If your personal data is processed, you are considered a data subject within the meaning of GDPR and you have the following rights against us as the responsible party:

1. Rights according to Art. 15 ff. GDPR

(1) The data subject has the right to obtain confirmation from the controller as to whether the personal data in question is being processed. If this is the case, the data subject has the right to receive information about this personal data and the information specified in Art. 15 GDPR. Under certain conditions, you have the right to rectification according to Art. 16 GDPR, the right to restriction of processing according to Art. 18 GDPR and the right to erasure (“Right to be forgotten”) according to Art. 17 GDPR.  In addition, you have the right to receive the data provided by you in a structured, commonly used and machine-readable format (right to data portability) in accordance with Art. 20 GDPR, provided that the processing is carried out using automated means and is based on consent pursuant to Art. 6 para. 1 lit. a) or Art. 9 para. 2 lit a) or on a contract pursuant to Art. 6 para. 1 lit. b) GDPR. The restrictions according to §§ 34 and 35 Federal Data Protection Act (Bundesdatenschutzgesetz) apply to the right of information and the right of erasure.

(2) You can revoke your consent to the processing of personal data at any time. Please note that the revocation will only take effect in the future. Processing that took place before the revocation is not affected by this.

2. Right of complaint

You have the right to lodge a complaint with us or a supervisory authority, particularly in the Member State of your residence, place of work, or the place of the alleged infringement (Art. 77 GDPR in conjunction with § 19 Federal Data Protection Act).

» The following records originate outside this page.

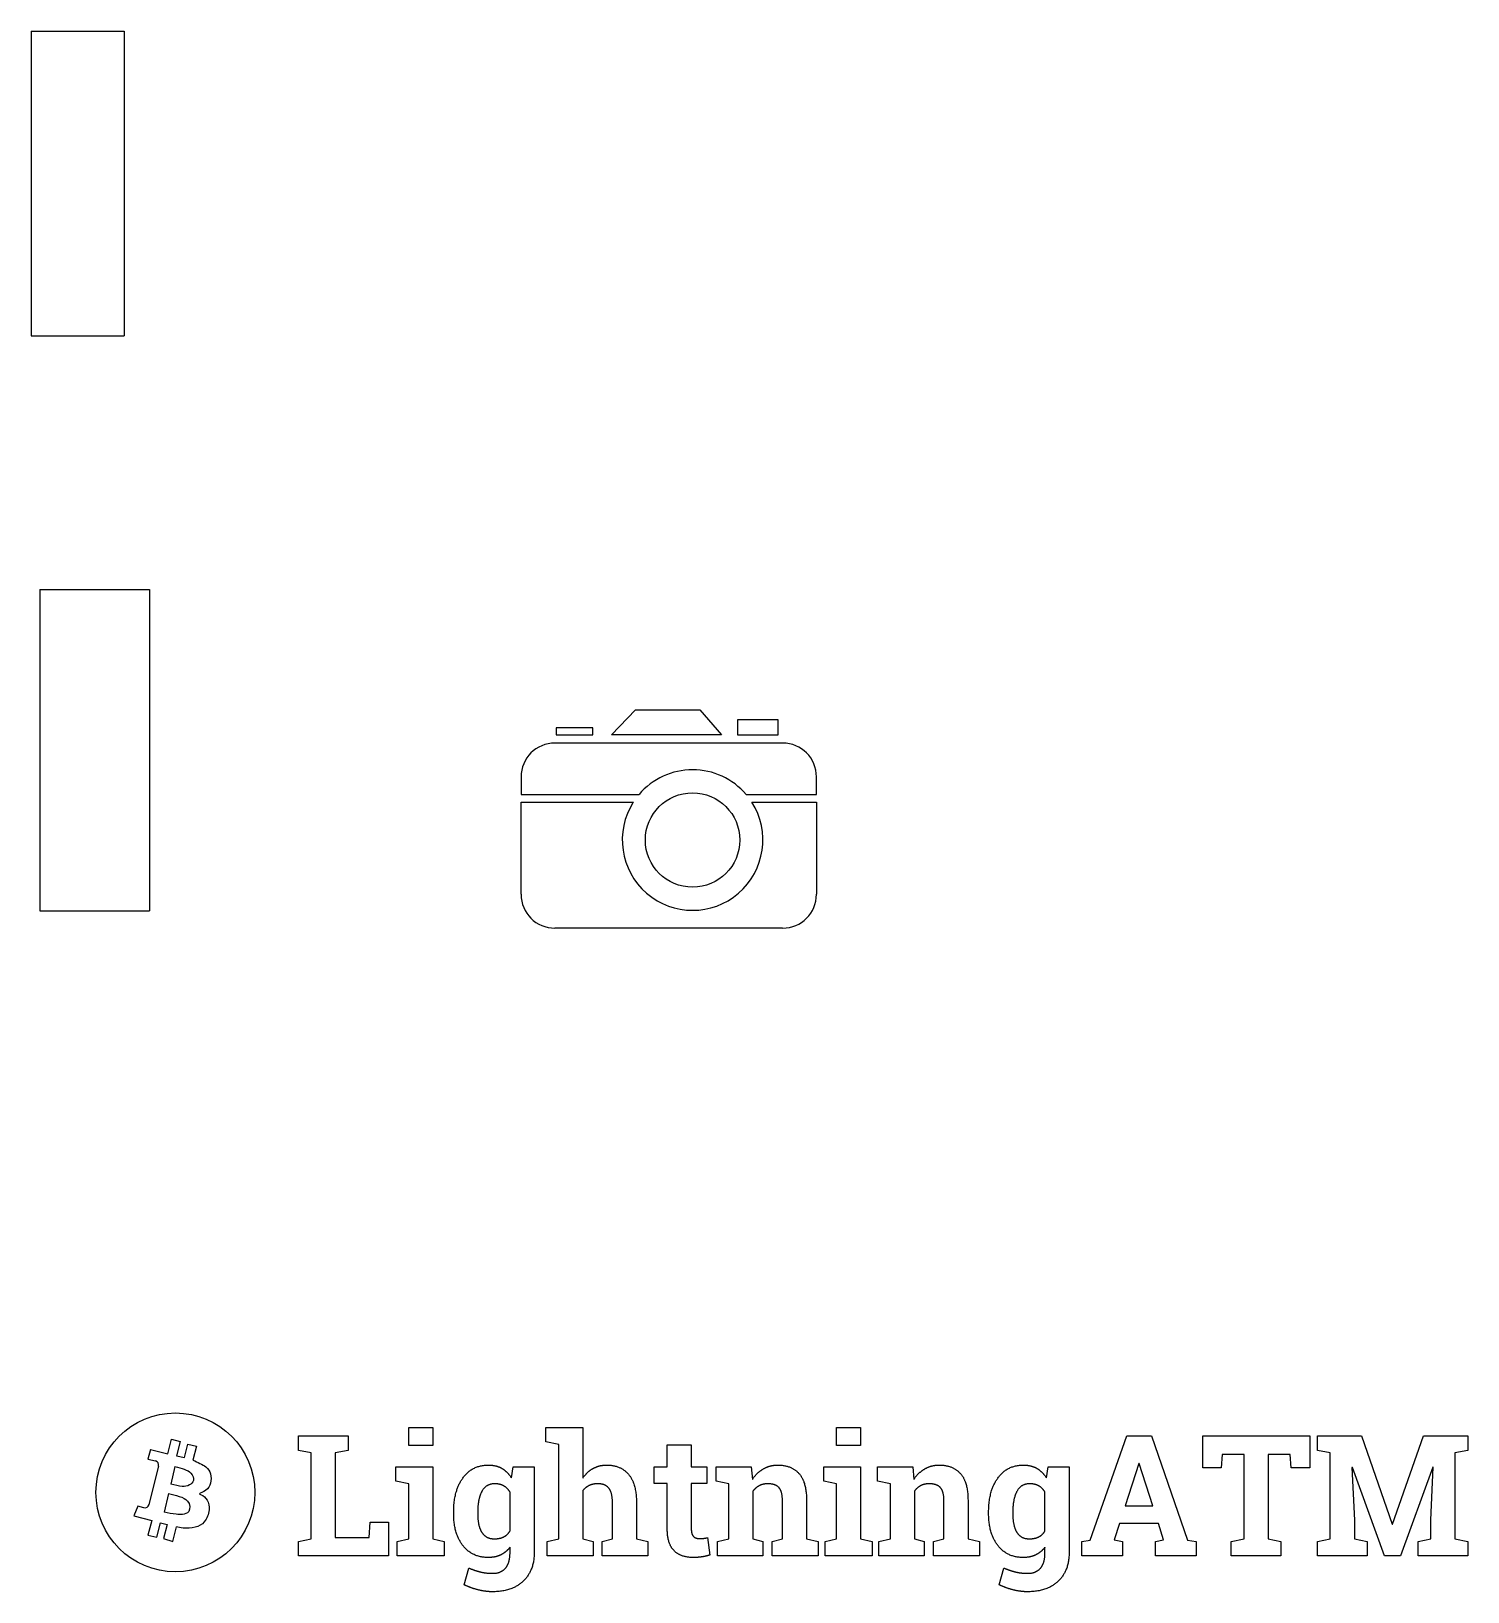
# Model space of a CAD drawing. Extents: x -283 to -113, y -234 to -50.
import ezdxf

# ---------------------------------------------------------------- set-up
doc = ezdxf.new("R2010")
doc.units = 0
doc.header["$MEASUREMENT"] = 0
doc.layers.add('MODELSKETCH_VISIBLE', color=7, linetype='CONTINUOUS')

msp = doc.modelspace()

# ---------------------------------------------------------------- linework, layer by layer
at = {"layer": 'MODELSKETCH_VISIBLE'}
for p, q in [((-282.83, -49.67), (-282.83, -85.67)), ((-282.83, -49.67), (-271.83, -49.67)), ((-271.83, -49.67), (-271.83, -85.67)), ((-282.83, -85.67), (-271.83, -85.67)), ((-281.83, -115.67), (-281.83, -153.67)), ((-281.83, -115.67), (-268.83, -115.67)), ((-268.83, -115.67), (-268.83, -153.67)), ((-214.24, -132.88), (-211.39, -129.89)), ((-211.39, -129.89), (-203.79, -129.89)), ((-203.79, -129.89), (-201.24, -132.88)), ((-216.43, -132.03), (-220.78, -132.03)), ((-220.78, -132.03), (-220.78, -132.88)), ((-216.43, -132.88), (-216.43, -132.03)), ((-194.55, -131.08), (-199.34, -131.08)), ((-199.34, -131.08), (-199.34, -132.88)), ((-194.55, -132.88), (-194.55, -131.08)), ((-194, -133.83), (-220.93, -133.83)), ((-220.78, -132.88), (-216.43, -132.88)), ((-201.24, -132.88), (-214.24, -132.88)), ((-199.34, -132.88), (-194.55, -132.88)), ((-224.93, -137.83), (-224.93, -139.92)), ((-190, -139.92), (-190, -137.83)), ((-224.93, -139.92), (-210.98, -139.92)), ((-198.32, -139.92), (-190, -139.92)), ((-224.93, -140.83), (-211.65, -140.83)), ((-224.93, -151.72), (-224.93, -140.83)), ((-197.65, -140.83), (-190, -140.83)), ((-190, -140.83), (-190, -151.72)), ((-281.83, -153.67), (-268.83, -153.67)), ((-194, -155.72), (-220.93, -155.72)), ((-251.24, -215.75), (-249.73, -215.75)), ((-251.24, -217.47), (-251.24, -215.75)), ((-249.73, -215.75), (-246.89, -215.75)), ((-246.89, -215.75), (-245.37, -215.75)), ((-245.37, -215.75), (-245.37, -217.47)), ((-238.21, -214.74), (-235.36, -214.74)), ((-238.21, -216.87), (-238.21, -214.74)), ((-235.36, -214.74), (-235.36, -216.87)), ((-221.98, -216.45), (-221.98, -214.74)), ((-221.98, -214.74), (-217.63, -214.74)), ((-217.63, -214.74), (-217.63, -220.74)), ((-187.62, -216.87), (-187.62, -214.74)), ((-187.62, -214.74), (-184.78, -214.74)), ((-184.78, -214.74), (-184.78, -216.87)), ((-157.63, -228.08), (-153.32, -215.75)), ((-153.32, -215.75), (-150.41, -215.75)), ((-150.41, -215.75), (-146.13, -228.08)), ((-144.34, -219.53), (-144.34, -215.75)), ((-144.34, -215.75), (-131.7, -215.75)), ((-131.7, -215.75), (-131.7, -219.53)), ((-130.78, -217.47), (-130.78, -215.75)), ((-130.78, -215.75), (-129.27, -215.75)), ((-129.27, -215.75), (-125.56, -215.75)), ((-125.56, -215.75), (-121.95, -226.2)), ((-121.89, -226.2), (-118.25, -215.75)), ((-118.25, -215.75), (-113.01, -215.75)), ((-113.01, -215.75), (-113.01, -217.47)), ((-268.74, -217.35), (-269.03, -218.49)), ((-268.74, -217.35), (-266.67, -217.86)), ((-266.67, -217.86), (-266.25, -216.15)), ((-266.25, -216.15), (-265.22, -216.4)), ((-265.22, -216.4), (-265.64, -218.09)), ((-264.71, -218.32), (-264.31, -216.71)), ((-264.31, -216.71), (-263.31, -216.95)), ((-263.31, -216.95), (-263.72, -218.61)), ((-249.73, -217.76), (-251.24, -217.47)), ((-245.37, -217.47), (-246.89, -217.76)), ((-235.36, -216.87), (-238.21, -216.87)), ((-220.46, -216.75), (-221.98, -216.45)), ((-220.46, -227.93), (-220.46, -216.75)), ((-207.64, -216.82), (-204.8, -216.82)), ((-207.64, -219.39), (-207.64, -216.82)), ((-204.8, -216.82), (-204.8, -219.39)), ((-184.78, -216.87), (-187.62, -216.87)), ((-129.27, -217.76), (-130.78, -217.47)), ((-113.01, -217.47), (-114.53, -217.76)), ((-269.03, -218.49), (-268.14, -218.71)), ((-267.78, -219.32), (-268.91, -223.87)), ((-265.85, -219.36), (-266.33, -221.46)), ((-265.64, -218.09), (-264.71, -218.32)), ((-249.73, -227.93), (-249.73, -217.76)), ((-246.89, -217.76), (-246.89, -227.75)), ((-239.73, -221.11), (-239.73, -219.39)), ((-239.73, -219.39), (-235.36, -219.39)), ((-235.36, -219.39), (-235.36, -227.93)), ((-226.06, -220.72), (-225.85, -219.39)), ((-225.85, -219.39), (-223.38, -219.39)), ((-223.38, -219.39), (-223.38, -229.62)), ((-209.18, -221.39), (-209.18, -219.39)), ((-209.18, -219.39), (-207.64, -219.39)), ((-204.8, -219.39), (-202.95, -219.39)), ((-202.95, -219.39), (-202.95, -221.39)), ((-201.86, -219.39), (-197.71, -219.39)), ((-201.86, -221.11), (-201.86, -219.39)), ((-197.71, -219.39), (-197.58, -220.9)), ((-189.14, -219.39), (-184.78, -219.39)), ((-189.14, -221.11), (-189.14, -219.39)), ((-184.78, -219.39), (-184.78, -227.93)), ((-182.78, -221.11), (-182.78, -219.39)), ((-182.78, -219.39), (-178.62, -219.39)), ((-178.62, -219.39), (-178.5, -220.9)), ((-162.81, -220.72), (-162.61, -219.39)), ((-162.61, -219.39), (-160.14, -219.39)), ((-160.14, -219.39), (-160.14, -229.62)), ((-151.91, -219.01), (-153.51, -224.01)), ((-151.85, -219.01), (-151.91, -219.01)), ((-150.25, -224.01), (-151.85, -219.01)), ((-142.16, -219.53), (-144.34, -219.53)), ((-142.05, -217.94), (-142.16, -219.53)), ((-139.45, -217.94), (-142.05, -217.94)), ((-139.45, -227.93), (-139.45, -217.94)), ((-134, -217.94), (-136.61, -217.94)), ((-136.61, -217.94), (-136.61, -227.93)), ((-133.88, -219.53), (-134, -217.94)), ((-131.7, -219.53), (-133.88, -219.53)), ((-129.27, -227.93), (-129.27, -217.76)), ((-126.64, -219.47), (-126.7, -219.48)), ((-126.7, -219.48), (-126.42, -225.7)), ((-122.86, -229.93), (-126.64, -219.47)), ((-117.16, -219.43), (-120.95, -229.93)), ((-117.37, -225.7), (-117.1, -219.44)), ((-117.1, -219.44), (-117.16, -219.43)), ((-114.53, -217.76), (-114.53, -227.93)), ((-238.21, -221.4), (-239.73, -221.11)), ((-238.21, -227.93), (-238.21, -221.4)), ((-207.64, -221.39), (-209.18, -221.39)), ((-207.64, -226.76), (-207.64, -221.39)), ((-202.95, -221.39), (-204.8, -221.39)), ((-204.8, -221.39), (-204.8, -226.75)), ((-200.36, -221.4), (-201.86, -221.11)), ((-200.36, -227.93), (-200.36, -221.4)), ((-187.62, -221.4), (-189.14, -221.11)), ((-187.62, -227.93), (-187.62, -221.4)), ((-181.27, -221.4), (-182.78, -221.11)), ((-181.27, -227.93), (-181.27, -221.4)), ((-266.61, -222.56), (-267.13, -224.75)), ((-226.23, -226.99), (-226.23, -222.41)), ((-217.63, -222.23), (-217.63, -227.93)), ((-197.51, -222.29), (-197.51, -227.93)), ((-178.43, -222.29), (-178.43, -227.93)), ((-162.99, -226.99), (-162.99, -222.41)), ((-270.24, -224.05), (-270.71, -225.21)), ((-269.51, -224.24), (-270.24, -224.05)), ((-232.89, -224.95), (-232.89, -224.75)), ((-230.05, -224.75), (-230.05, -224.95)), ((-214.12, -227.93), (-214.12, -223.66)), ((-211.28, -223.68), (-211.28, -227.93)), ((-194.03, -227.93), (-194.03, -223.36)), ((-191.18, -223.34), (-191.18, -227.93)), ((-174.94, -227.93), (-174.94, -223.36)), ((-172.09, -223.34), (-172.09, -227.93)), ((-169.65, -224.95), (-169.65, -224.75)), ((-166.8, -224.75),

3. Right to object under Art. 21 GDPR

In addition to the above rights, you have the right to object as follows:

(1) Right to object in individual cases

You have the right to object at any time for reasons arising from your particular situation to the processing of personal data concerning you, which is based on Article 6 para. 1 lit. e) GDPR (data processing in the public interest) and Article 6 para. 1 lit. f) GDPR (data processing on the basis of a balance of interests); this also applies to profiling based on this provision within the meaning of Article 4 para. 4 GDPR.

If you object, we will no longer process your personal data, unless we can prove compelling reasons worthy of protection for the processing that outweigh your interests, rights and freedoms, or the processing serves to assert, exercise or defend legal claims.

(2) Right to object to the processing of data for marketing purposes

In individual cases, we may process your personal data for direct marketing purposes. You have the right to object at any time to the processing of your personal data for the purpose of such marketing; this also applies to profiling, insofar as it is associated with such direct marketing. If you object to the processing for direct marketing purposes, we will no longer process your personal data for these purposes.

The objection can be sent form-free to the contact indicated under section A. 2 of this data protection declaration.

 

G. Final provision

1. Security

We have implemented technical and organizational security measures in accordance with Art. 24 and 32 GDPR to protect your personal data against loss, destruction, manipulation, and unauthorized access. All our employees and all third parties involved in data processing are obliged to comply with the requirements of the GDPR and to treat personal data confidentially.

2. Changes to our privacy policy

We reserve the right to change our security and data protection measures if required  due to technical developments or legal changes. In such cases, we will also update our privacy policy accordingly. Please  refer to the latest version of our privacy policy.